That’s why this story, and this documentation, need advocates.
Their names are Delia Golden, Christie Moffatt, John Rees, and Kristina Womack. They are the NLM Web Collecting and Archiving Working Group.
They are a team on a mission.
They have to be.
Let us explain.
Web content is at a high risk for loss for several reasons:
Link rot occurs when links point to resources that no longer exist and the dreaded “404 not found” or similar message appears.
Link drift occurs when content at a URL changes or evolves, and what you expect to find when you click on a link is now different. If you are using a URL to point to a particular fact, figure, or statement to convey specific information or justify a point, it is entirely possible—even likely—that over time the content at that URL will change, and the URL will no longer serve that purpose.
Challenging content types are hard to capture because of their particular format or where they reside, such as some video content, databases, social media, and content protected by passwords.
As chair of NLM’s Web Collecting and Archiving Working Group, Christie Moffatt’s job is to help preserve today’s history despite the challenges of collecting these web resources.
Collecting digital content requires new tools and swift action before content disappears.

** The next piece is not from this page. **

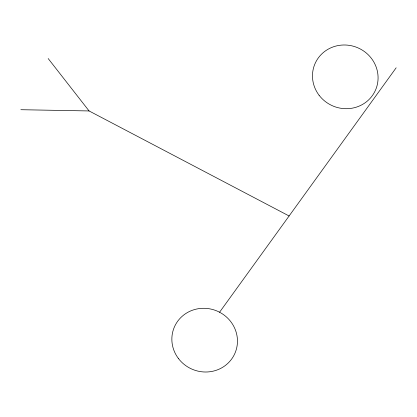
<?xml version="1.0" encoding="UTF-8"?>
<svg xmlns="http://www.w3.org/2000/svg" width="417" height="417" viewBox="0 0 417 417"><rect width="100%" height="100%" fill="white"/><g stroke="black" fill="none" stroke-linecap="round" stroke-linejoin="round"><path stroke-width="0.63" d="M219.571 312.224L396.15 67.804M20.85 109.707L89.082 110.948L289.106 215.98M48.174 58.542L89.082 110.948M319.099 95.264A33.011 31.65 23.1 0 0 375.488 90.155A33.011 31.65 23.1 0 0 341.252 45.125A33.011 31.65 23.1 0 0 319.099 95.264M178.476 358.568A33.011 31.65 23.1 0 0 234.865 353.46A33.011 31.65 23.1 0 0 200.634 308.424A33.011 31.65 23.1 0 0 178.476 358.568"/></g></svg>

To collect web content before it’s too late, the Web Collecting and Archiving Working Group uses crawlers, also known as spiders, to create copies, or snapshots in time, of content.
Based on the group’s instructions, these crawlers—in NLM’s case, via the Internet Archive’s Archive-It service—locate and capture content.
But this team does more than let the crawlers loose. They check on their work. “We want to make sure they’re doing their job,” Moffatt said.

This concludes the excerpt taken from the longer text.